Hearing by seeing – The McGurk Effect

Humans use vision as well as hearing to understand speech. There is no better example of this than the McGurk effect.

Imagine a recording of a person saying “bah” over and over again. What sound are you going to hear? “Bah”, obviously.

However, if this sound is accompanied by a video of this person saying “vah” you will start hearing “vah” or “fah” instead, even though the audio has not changed. Just have a look at the video:

Because the combination of sound and vision happens so early in the process of speech recognition the illusion persists even after you know how it works. The brain cannot differentiate whether it’s hearing or seeing the sound as usually these senses subtly work together to give us the ability to comprehend what other people are saying.
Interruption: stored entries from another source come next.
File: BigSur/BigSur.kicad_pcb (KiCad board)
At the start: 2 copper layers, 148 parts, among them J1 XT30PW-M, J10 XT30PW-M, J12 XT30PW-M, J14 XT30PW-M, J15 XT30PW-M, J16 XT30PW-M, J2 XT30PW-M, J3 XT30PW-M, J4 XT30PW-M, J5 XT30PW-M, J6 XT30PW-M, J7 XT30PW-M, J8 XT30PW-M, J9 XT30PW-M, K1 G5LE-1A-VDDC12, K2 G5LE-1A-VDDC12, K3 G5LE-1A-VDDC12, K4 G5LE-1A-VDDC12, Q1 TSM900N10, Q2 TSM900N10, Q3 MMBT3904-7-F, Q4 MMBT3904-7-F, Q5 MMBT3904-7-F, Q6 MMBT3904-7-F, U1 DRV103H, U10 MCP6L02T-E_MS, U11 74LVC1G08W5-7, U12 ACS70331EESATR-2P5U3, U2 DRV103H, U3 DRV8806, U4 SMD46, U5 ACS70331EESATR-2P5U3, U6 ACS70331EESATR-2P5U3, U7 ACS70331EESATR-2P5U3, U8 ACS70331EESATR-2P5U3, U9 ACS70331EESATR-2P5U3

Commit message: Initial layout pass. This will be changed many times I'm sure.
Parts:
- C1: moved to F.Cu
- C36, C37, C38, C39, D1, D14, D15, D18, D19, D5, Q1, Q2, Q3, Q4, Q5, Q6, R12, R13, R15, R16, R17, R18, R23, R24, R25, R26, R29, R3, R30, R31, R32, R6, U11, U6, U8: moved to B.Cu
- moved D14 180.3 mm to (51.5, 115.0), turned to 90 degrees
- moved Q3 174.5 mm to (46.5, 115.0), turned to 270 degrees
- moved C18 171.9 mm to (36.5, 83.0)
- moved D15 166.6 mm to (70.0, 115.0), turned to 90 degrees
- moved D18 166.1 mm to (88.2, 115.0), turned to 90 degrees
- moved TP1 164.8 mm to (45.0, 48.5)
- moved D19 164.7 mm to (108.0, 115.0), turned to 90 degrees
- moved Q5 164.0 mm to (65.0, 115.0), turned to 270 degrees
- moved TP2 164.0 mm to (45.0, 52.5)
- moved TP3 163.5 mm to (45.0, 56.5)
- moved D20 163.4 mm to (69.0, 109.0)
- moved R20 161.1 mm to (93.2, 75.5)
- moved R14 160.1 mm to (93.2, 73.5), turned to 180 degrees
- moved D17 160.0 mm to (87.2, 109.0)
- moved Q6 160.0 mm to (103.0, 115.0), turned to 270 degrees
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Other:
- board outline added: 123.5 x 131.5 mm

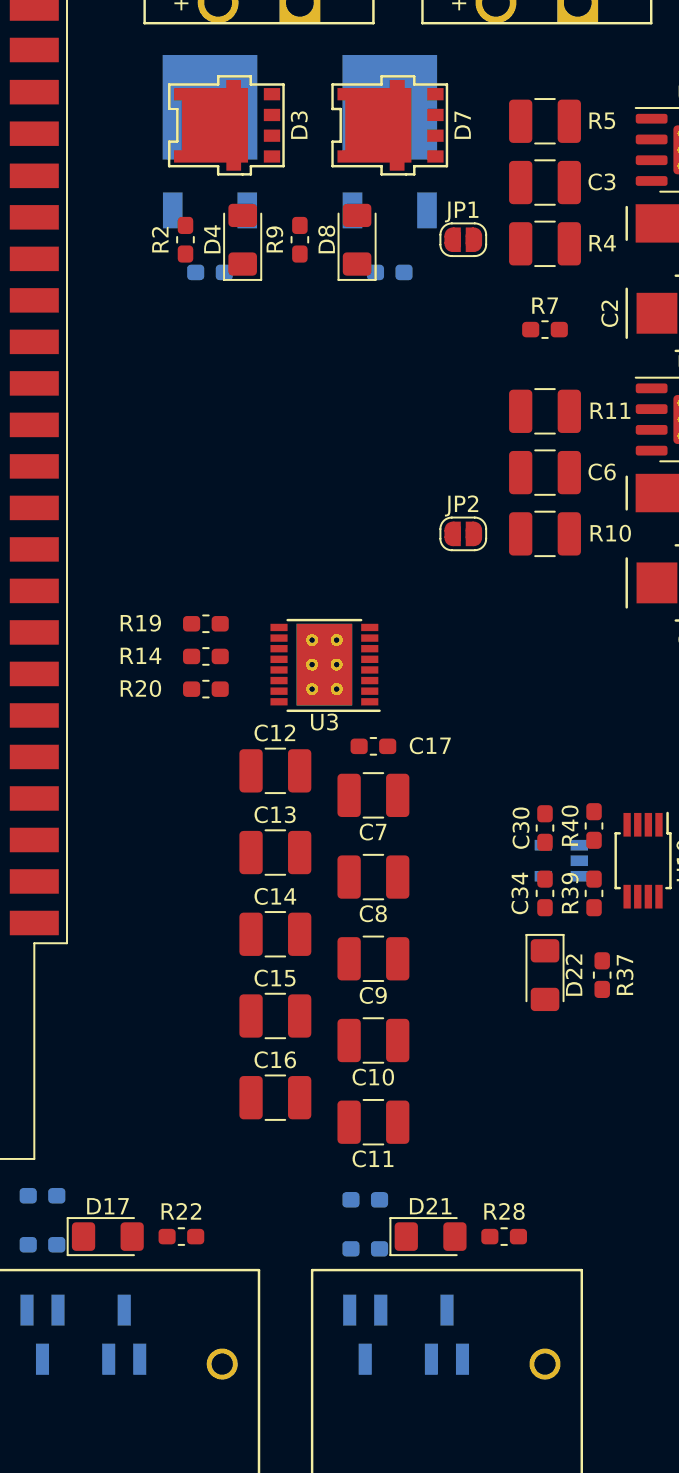
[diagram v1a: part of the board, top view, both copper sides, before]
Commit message: Moved configuration passives for DRV103s.
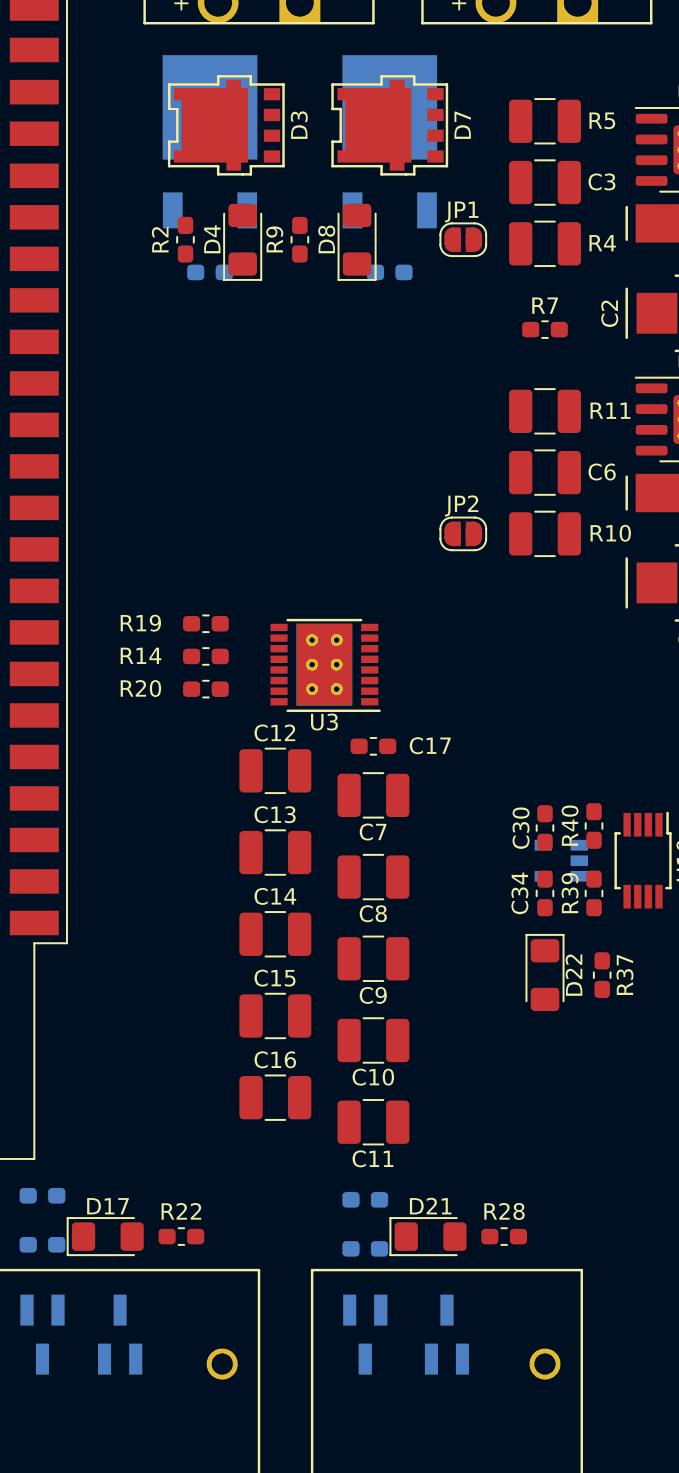
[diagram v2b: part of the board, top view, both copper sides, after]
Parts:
- moved D18 18.2 mm to (70.0, 115.0)
- moved D15 18.0 mm to (88.0, 115.0)
- turned C3 to 180 degrees
- turned C6 to 180 degrees
- turned R10 to 180 degrees
- turned R11 to 180 degrees
- turned R4 to 180 degrees
- turned R5 to 180 degrees
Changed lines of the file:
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@@
   )
   (module Capacitor_SMD:C_1210_3225Metric_Pad1.42x2.65mm_HandSolder (layer F.Cu)
-    (at 114 44.5)
+    (at 114 44.5 180)
     (descr "Capacitor SMD 1210 (3225 Metric), square (rectangular) end terminal, IPC_7351 nominal with elongated pad for handsoldering. (Body size source: http://www.tortai-tech.com/upload/download/2011102023233369053.pdf), generated with kicad-footprint-generator")
     (tags "capacitor handsolder")
     (attr smd)
-    (fp_text reference C3 (at 3.5 0) (layer F.SilkS)
+    (fp_text reference C3 (at -3.5 0) (layer F.SilkS)
       (effects (font (size 1 1) (thickness 0.15)))
     )
@@
       (effects (font (size 0.8 0.8) (thickness 0.12)))
     )
-    (pad 1 smd roundrect (at -1.4875 0) (size 1.425 2.65) (layers F.Cu F.Paste F.Mask) (roundrect_rratio 0.175439)
+    (pad 1 smd roundrect (at -1.4875 0 180) (size 1.425 2.65) (layers F.Cu F.Paste F.Mask) (roundrect_rratio 0.175439)
       (net 3 "Net-(C3-Pad1)"))
-    (pad 2 smd roundrect (at 1.4875 0) (size 1.425 2.65) (layers F.Cu F.Paste F.Mask) (roundrect_rratio 0.175439)
+    (pad 2 smd roundrect (at 1.4875 0 180) (size 1.425 2.65) (layers F.Cu F.Paste F.Mask) (roundrect_rratio 0.175439)
       (net 1 GND))
     (model ${KISYS3DMOD}/Capacitor_SMD.3dshapes/C_1210_3225Metric.wrl
@@
   )
   (module Capacitor_SMD:C_1210_3225Metric_Pad1.42x2.65mm_HandSolder (layer F.Cu)
-    (at 114 62.25)
+    (at 114 62.25 180)
     (descr "Capacitor SMD 1210 (3225 Metric), square (rectangular) end terminal, IPC_7351 nominal with elongated pad for handsoldering. (Body size source: http://www.tortai-tech.com/upload/download/2011102023233369053.pdf), generated with kicad-footprint-generator")
     (tags "capacitor handsolder")
     (attr smd)
-    (fp_text reference C6 (at 3.5 0) (layer F.SilkS)
+    (fp_text reference C6 (at -3.5 0) (layer F.SilkS)
       (effects (font (size 1 1) (thickness 0.15)))
     )
@@
     (fp_line (start -1.6 -1.25) (end 1.6 -1.25) (layer F.Fab) (width 0.1))
     (fp_line (start -1.6 1.25) (end -1.6 -1.25) (layer F.Fab) (width 0.1))
-    (pad 2 smd roundrect (at 1.4875 0) (size 1.425 2.65) (layers F.Cu F.Paste F.Mask) (roundrect_rratio 0.175439)
+    (pad 2 smd roundrect (at 1.4875 0 180) (size 1.425 2.65) (layers F.Cu F.Paste F.Mask) (roundrect_rratio 0.175439)
       (net 1 GND))
-    (pad 1 smd roundrect (at -1.4875 0) (size 1.425 2.65) (layers F.Cu F.Paste F.Mask) (roundrect_rratio 0.175439)
+    (pad 1 smd roundrect (at -1.4875 0 180) (size 1.425 2.65) (layers F.Cu F.Paste F.Mask) (roundrect_rratio 0.175439)
       (net 4 "Net-(C6-Pad1)"))
     (model ${KISYS3DMOD}/Capacitor_SMD.3dshapes/C_1210_3225Metric.wrl
@@
   )
   (module Package_TO_SOT_SMD:SOT-23_Handsoldering (layer B.Cu)
-    (at 70 115 90)
+    (at 88 115 90)
     (descr "SOT-23, Handsoldering")
     (tags SOT-23)
@@
   )
   (module Package_TO_SOT_SMD:SOT-23_Handsoldering (layer B.Cu)
-    (at 88.25 115 90)
+    (at 70 115 90)
     (descr "SOT-23, Handsoldering")
     (tags SOT-23)
@@
   )
   (module Resistor_SMD:R_1210_3225Metric_Pad1.42x2.65mm_HandSolder (layer F.Cu)
-    (at 114 48.25)
+    (at 114 48.25 180)
     (descr "Resistor SMD 1210 (3225 Metric), square (rectangular) end terminal, IPC_7351 nominal with elongated pad for handsoldering. (Body size source: http://www.tortai-tech.com/upload/download/2011102023233369053.pdf), generated with kicad-footprint-generator")
     (tags "resistor handsolder")
     (attr smd)
-    (fp_text reference R4 (at 3.5 0) (layer F.SilkS)
+    (fp_text reference R4 (at -3.5 0) (layer F.SilkS)
       (effects (font (size 1 1) (thickness 0.15)))
     )
@@
     (fp_line (start -1.6 -1.25) (end 1.6 -1.25) (layer F.Fab) (width 0.1))
     (fp_line (start -1.6 1.25) (end -1.6 -1.25) (layer F.Fab) (width 0.1))
-    (pad 2 smd roundrect (at 1.4875 0) (size 1.425 2.65) (layers F.Cu F.Paste F.Mask) (roundrect_rratio 0.175439)
+    (pad 2 smd roundrect (at 1.4875 0 180) (size 1.425 2.65) (layers F.Cu F.Paste F.Mask) (roundrect_rratio 0.175439)
       (net 1 GND))
-    (pad 1 smd roundrect (at -1.4875 0) (size 1.425 2.65) (layers F.Cu F.Paste F.Mask) (roundrect_rratio 0.175439)
+    (pad 1 smd roundrect (at -1.4875 0 180) (size 1.425 2.65) (layers F.Cu F.Paste F.Mask) (roundrect_rratio 0.175439)
       (net 62 "Net-(JP1-Pad2)"))
     (model ${KISYS3DMOD}/Resistor_SMD.3dshapes/R_1210_3225Metric.wrl
@@
   )
   (module Resistor_SMD:R_1210_3225Metric_Pad1.42x2.65mm_HandSolder (layer F.Cu)
-    (at 114 40.75)
+    (at 114 40.75 180)
     (descr "Resistor SMD 1210 (3225 Metric), square (rectangular) end terminal, IPC_7351 nominal with elongated pad for handsoldering. (Body size source: http://www.tortai-tech.com/upload/download/2011102023233369053.pdf), generated with kicad-footprint-generator")
     (tags "resistor handsolder")
     (attr smd)
-    (fp_text reference R5 (at 3.5 0) (layer F.SilkS)
+    (fp_text reference R5 (at -3.5 0) (layer F.SilkS)
       (effects (font (size 1 1) (thickness 0.15)))
     )
@@
       (effects (font (size 0.8 0.8) (thickness 0.12)))
     )
-    (pad 1 smd roundrect (at -1.4875 0) (size 1.425 2.65) (layers F.Cu F.Paste F.Mask) (roundrect_rratio 0.175439)
+    (pad 1 smd roundrect (at -1.4875 0 180) (size 1.425 2.65) (layers F.Cu F.Paste F.Mask) (roundrect_rratio 0.175439)
       (net 71 "Net-(R5-Pad1)"))
-    (pad 2 smd roundrect (at 1.4875 0) (size 1.425 2.65) (layers F.Cu F.Paste F.Mask) (roundrect_rratio 0.175439)
+    (pad 2 smd roundrect (at 1.4875 0 180) (size 1.425 2.65) (layers F.Cu F.Paste F.Mask) (roundrect_rratio 0.175439)
       (net 1 GND))
     (model ${KISYS3DMOD}/Resistor_SMD.3dshapes/R_1210_3225Metric.wrl
@@
   )
   (module Resistor_SMD:R_1210_3225Metric_Pad1.42x2.65mm_HandSolder (layer F.Cu)
-    (at 114 66)
+    (at 114 66 180)
     (descr "Resistor SMD 1210 (3225 Metric), square (rectangular) end terminal, IPC_7351 nominal with elongated pad for handsoldering. (Body size source: http://www.tortai-tech.com/upload/download/2011102023233369053.pdf), generated with kicad-footprint-generator")
     (tags "resistor handsolder")
     (attr smd)
-    (fp_text reference R10 (at 4 0) (layer F.SilkS)
+    (fp_text reference R10 (at -4 0) (layer F.SilkS)
       (effects (font (size 1 1) (thickness 0.15)))
     )
@@
     (fp_line (start -1.6 -1.25) (end 1.6 -1.25) (layer F.Fab) (width 0.1))
     (fp_line (start -1.6 1.25) (end -1.6 -1.25) (layer F.Fab) (width 0.1))
-    (pad 2 smd roundrect (at 1.4875 0) (size 1.425 2.65) (layers F.Cu F.Paste F.Mask) (roundrect_rratio 0.175439)
+    (pad 2 smd roundrect (at 1.4875 0 180) (size 1.425 2.65) (layers F.Cu F.Paste F.Mask) (roundrect_rratio 0.175439)
       (net 1 GND))
-    (pad 1 smd roundrect (at -1.4875 0) (size 1.425 2.65) (layers F.Cu F.Paste F.Mask) (roundrect_rratio 0.175439)
+    (pad 1 smd roundrect (at -1.4875 0 180) (size 1.425 2.65) (layers F.Cu F.Paste F.Mask) (roundrect_rratio 0.175439)
       (net 63 "Net-(JP2-Pad2)"))
     (model ${KISYS3DMOD}/Resistor_SMD.3dshapes/R_1210_3225Metric.wrl
@@
   )
   (module Resistor_SMD:R_1210_3225Metric_Pad1.42x2.65mm_HandSolder (layer F.Cu)
-    (at 114 58.5)
+    (at 114 58.5 180)
     (descr "Resistor SMD 1210 (3225 Metric), square (rectangular) end terminal, IPC_7351 nominal with elongated pad for handsoldering. (Body size source: http://www.tortai-tech.com/upload/download/2011102023233369053.pdf), generated with kicad-footprint-generator")
     (tags "resistor handsolder")
     (attr smd)
-    (fp_text reference R11 (at 4 0) (layer F.SilkS)
+    (fp_text reference R11 (at -4 0) (layer F.SilkS)
       (effects (font (size 1 1) (thickness 0.15)))
     )
@@
       (effects (font (size 0.8 0.8) (thickness 0.12)))
     )
-    (pad 1 smd roundrect (at -1.4875 0) (size 1.425 2.65) (layers F.Cu F.Paste F.Mask) (roundrect_rratio 0.175439)
+    (pad 1 smd roundrect (at -1.4875 0 180) (size 1.425 2.65) (layers F.Cu F.Paste F.Mask) (roundrect_rratio 0.175439)
       (net 74 "Net-(R11-Pad1)"))
-    (pad 2 smd roundrect (at 1.4875 0) (size 1.425 2.65) (layers F.Cu F.Paste F.Mask) (roundrect_rratio 0.175439)
+    (pad 2 smd roundrect (at 1.4875 0 180) (size 1.425 2.65) (layers F.Cu F.Paste F.Mask) (roundrect_rratio 0.175439)
       (net 1 GND))
     (model ${KISYS3DMOD}/Resistor_SMD.3dshapes/R_1210_3225Metric.wrl

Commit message: Moved some things.
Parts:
- moved C11 46.1 mm to (91.5, 57.5), turned to 0 degrees
- moved C16 41.5 mm to (97.5, 59.0), turned to 180 degrees
- moved C10 36.5 mm to (91.5, 62.5), turned to 0 degrees
- moved C15 31.5 mm to (97.5, 64.0), turned to 180 degrees
- moved C9 27.3 mm to (91.5, 67.5), turned to 0 degrees
- moved C14 21.5 mm to (97.5, 69.0), turned to 180 degrees
- moved C8 18.8 mm to (91.5, 72.5), turned to 0 degrees
- moved R19 18.6 mm to (101.8, 88.0), turned to 180 degrees
- moved R14 15.1 mm to (101.8, 86.0), turned to 0 degrees
- moved U3 13.0 mm to (94.5, 85.5)
- moved C7 12.8 mm to (91.5, 77.5), turned to 0 degrees
- moved C17 12.1 mm to (91.5, 80.5), turned to 0 degrees
- moved R20 12.0 mm to (101.8, 84.0), turned to 180 degrees
- moved C13 11.5 mm to (97.5, 74.0), turned to 180 degrees
- moved C12 1.50 mm to (97.5, 79.0), turned to 180 degrees

It’s quite interesting that most people are really quite bad at lip-reading, yet most people are easily fooled by the McGurk effect.

Also quite interesting is that the McGurk effect seems to have a different intensity to people who speak different languages. For example, to Italian, German and English speakers the effect is very strong. To Chinese and Japanese speakers the effect is quite weak. This is likely due to the different syllabic structure and tone of Chinese and Japanese (compared to indo-european languages) and possibly due to the culture of face avoidance in Japan (for example, children are instructed to look at a teacher’s adam’s apple or tie knot instead of the eyes).